* _Task brief_
The goal is an unaltered copy of the records below, minus any images.

* _Recorded data_
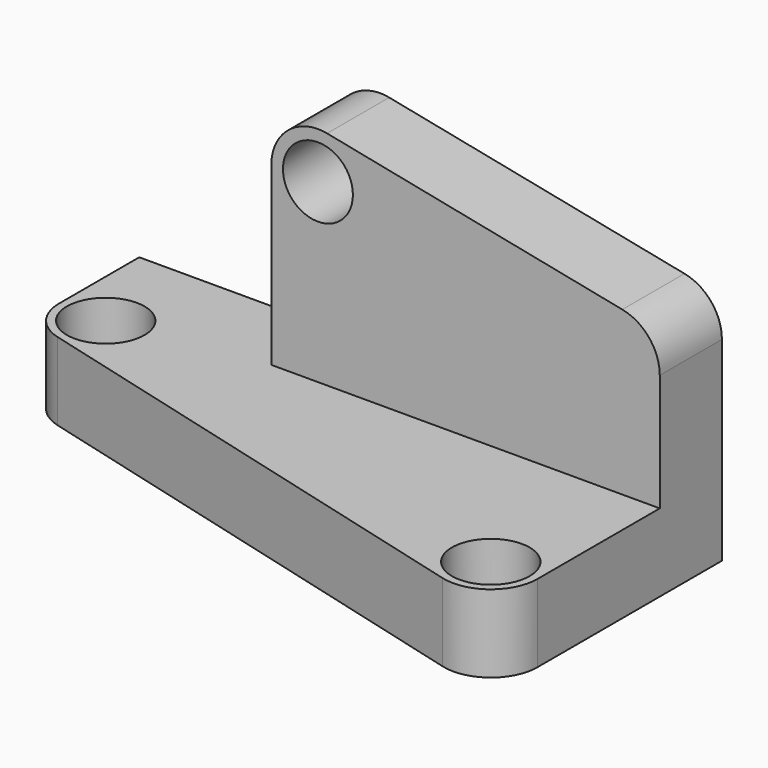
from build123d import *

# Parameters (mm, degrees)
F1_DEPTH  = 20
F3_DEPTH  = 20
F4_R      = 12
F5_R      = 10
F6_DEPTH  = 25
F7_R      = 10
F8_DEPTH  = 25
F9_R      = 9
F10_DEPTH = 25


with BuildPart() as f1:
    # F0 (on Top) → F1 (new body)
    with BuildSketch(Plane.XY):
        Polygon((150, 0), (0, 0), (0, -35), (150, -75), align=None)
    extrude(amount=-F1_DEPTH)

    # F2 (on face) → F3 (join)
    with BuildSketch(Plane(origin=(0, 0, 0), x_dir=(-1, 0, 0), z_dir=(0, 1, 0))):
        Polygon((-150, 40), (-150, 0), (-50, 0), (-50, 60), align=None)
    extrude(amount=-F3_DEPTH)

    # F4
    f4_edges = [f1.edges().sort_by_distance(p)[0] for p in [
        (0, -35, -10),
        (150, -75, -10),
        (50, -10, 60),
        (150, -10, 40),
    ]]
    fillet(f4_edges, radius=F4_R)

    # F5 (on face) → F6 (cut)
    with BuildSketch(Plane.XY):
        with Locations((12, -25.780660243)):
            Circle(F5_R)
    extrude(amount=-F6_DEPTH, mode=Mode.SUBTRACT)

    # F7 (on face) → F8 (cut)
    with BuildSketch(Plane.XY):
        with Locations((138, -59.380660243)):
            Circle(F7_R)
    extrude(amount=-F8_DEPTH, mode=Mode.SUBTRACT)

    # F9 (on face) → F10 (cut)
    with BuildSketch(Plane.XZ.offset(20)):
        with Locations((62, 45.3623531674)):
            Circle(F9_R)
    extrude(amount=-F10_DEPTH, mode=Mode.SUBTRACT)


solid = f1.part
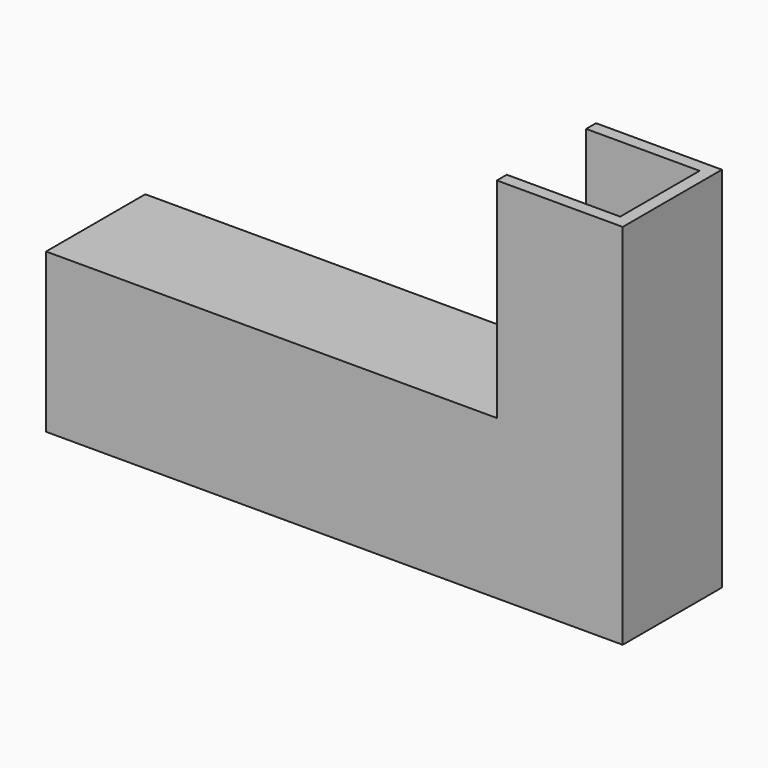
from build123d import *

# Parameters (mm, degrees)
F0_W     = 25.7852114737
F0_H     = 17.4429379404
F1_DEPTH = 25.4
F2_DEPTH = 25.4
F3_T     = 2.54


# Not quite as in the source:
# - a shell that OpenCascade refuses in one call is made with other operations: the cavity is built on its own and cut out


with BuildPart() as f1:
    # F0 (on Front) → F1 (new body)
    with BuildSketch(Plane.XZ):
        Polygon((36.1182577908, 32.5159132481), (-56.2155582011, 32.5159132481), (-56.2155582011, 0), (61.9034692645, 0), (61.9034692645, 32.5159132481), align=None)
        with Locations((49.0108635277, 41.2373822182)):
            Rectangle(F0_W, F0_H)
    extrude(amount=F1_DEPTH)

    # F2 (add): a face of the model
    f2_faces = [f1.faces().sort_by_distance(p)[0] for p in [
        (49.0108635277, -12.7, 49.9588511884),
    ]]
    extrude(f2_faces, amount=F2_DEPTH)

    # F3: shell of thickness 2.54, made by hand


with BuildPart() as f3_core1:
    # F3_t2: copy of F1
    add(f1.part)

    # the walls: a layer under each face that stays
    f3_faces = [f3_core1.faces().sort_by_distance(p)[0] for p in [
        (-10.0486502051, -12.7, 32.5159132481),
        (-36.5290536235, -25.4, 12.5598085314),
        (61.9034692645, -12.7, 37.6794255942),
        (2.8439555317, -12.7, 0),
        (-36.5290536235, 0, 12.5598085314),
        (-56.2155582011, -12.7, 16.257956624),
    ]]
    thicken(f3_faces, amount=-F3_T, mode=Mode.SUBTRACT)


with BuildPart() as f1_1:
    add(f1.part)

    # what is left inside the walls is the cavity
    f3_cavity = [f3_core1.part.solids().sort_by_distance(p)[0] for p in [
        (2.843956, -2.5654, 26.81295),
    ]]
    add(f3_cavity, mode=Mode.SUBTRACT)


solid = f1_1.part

* _Result of this task_
from build123d import *

# Parameters (mm, degrees)
F1_DEPTH  = 20
F3_DEPTH  = 20
F4_R      = 12
F5_R      = 10
F6_DEPTH  = 25
F7_R      = 10
F8_DEPTH  = 25
F9_R      = 9
F10_DEPTH = 25


with BuildPart() as f1:
    # F0 (on Top) → F1 (new body)
    with BuildSketch(Plane.XY):
        Polygon((150, 0), (0, 0), (0, -35), (150, -75), align=None)
    extrude(amount=-F1_DEPTH)

    # F2 (on face) → F3 (join)
    with BuildSketch(Plane(origin=(0, 0, 0), x_dir=(-1, 0, 0), z_dir=(0, 1, 0))):
        Polygon((-150, 40), (-150, 0), (-50, 0), (-50, 60), align=None)
    extrude(amount=-F3_DEPTH)

    # F4
    f4_edges = [f1.edges().sort_by_distance(p)[0] for p in [
        (0, -35, -10),
        (150, -75, -10),
        (50, -10, 60),
        (150, -10, 40),
    ]]
    fillet(f4_edges, radius=F4_R)

    # F5 (on face) → F6 (cut)
    with BuildSketch(Plane.XY):
        with Locations((12, -25.780660243)):
            Circle(F5_R)
    extrude(amount=-F6_DEPTH, mode=Mode.SUBTRACT)

    # F7 (on face) → F8 (cut)
    with BuildSketch(Plane.XY):
        with Locations((138, -59.380660243)):
            Circle(F7_R)
    extrude(amount=-F8_DEPTH, mode=Mode.SUBTRACT)

    # F9 (on face) → F10 (cut)
    with BuildSketch(Plane.XZ.offset(20)):
        with Locations((62, 45.3623531674)):
            Circle(F9_R)
    extrude(amount=-F10_DEPTH, mode=Mode.SUBTRACT)


solid = f1.part
from build123d import *

# Parameters (mm, degrees)
F0_W     = 25.7852114737
F0_H     = 17.4429379404
F1_DEPTH = 25.4
F2_DEPTH = 25.4
F3_T     = 2.54


# Not quite as in the source:
# - a shell that OpenCascade refuses in one call is made with other operations: the cavity is built on its own and cut out


with BuildPart() as f1:
    # F0 (on Front) → F1 (new body)
    with BuildSketch(Plane.XZ):
        Polygon((36.1182577908, 32.5159132481), (-56.2155582011, 32.5159132481), (-56.2155582011, 0), (61.9034692645, 0), (61.9034692645, 32.5159132481), align=None)
        with Locations((49.0108635277, 41.2373822182)):
            Rectangle(F0_W, F0_H)
    extrude(amount=F1_DEPTH)

    # F2 (add): a face of the model
    f2_faces = [f1.faces().sort_by_distance(p)[0] for p in [
        (49.0108635277, -12.7, 49.9588511884),
    ]]
    extrude(f2_faces, amount=F2_DEPTH)

    # F3: shell of thickness 2.54, made by hand


with BuildPart() as f3_core1:
    # F3_t2: copy of F1
    add(f1.part)

    # the walls: a layer under each face that stays
    f3_faces = [f3_core1.faces().sort_by_distance(p)[0] for p in [
        (-10.0486502051, -12.7, 32.5159132481),
        (-36.5290536235, -25.4, 12.5598085314),
        (61.9034692645, -12.7, 37.6794255942),
        (2.8439555317, -12.7, 0),
        (-36.5290536235, 0, 12.5598085314),
        (-56.2155582011, -12.7, 16.257956624),
    ]]
    thicken(f3_faces, amount=-F3_T, mode=Mode.SUBTRACT)


with BuildPart() as f1_1:
    add(f1.part)

    # what is left inside the walls is the cavity
    f3_cavity = [f3_core1.part.solids().sort_by_distance(p)[0] for p in [
        (2.843956, -2.5654, 26.81295),
    ]]
    add(f3_cavity, mode=Mode.SUBTRACT)


solid = f1_1.part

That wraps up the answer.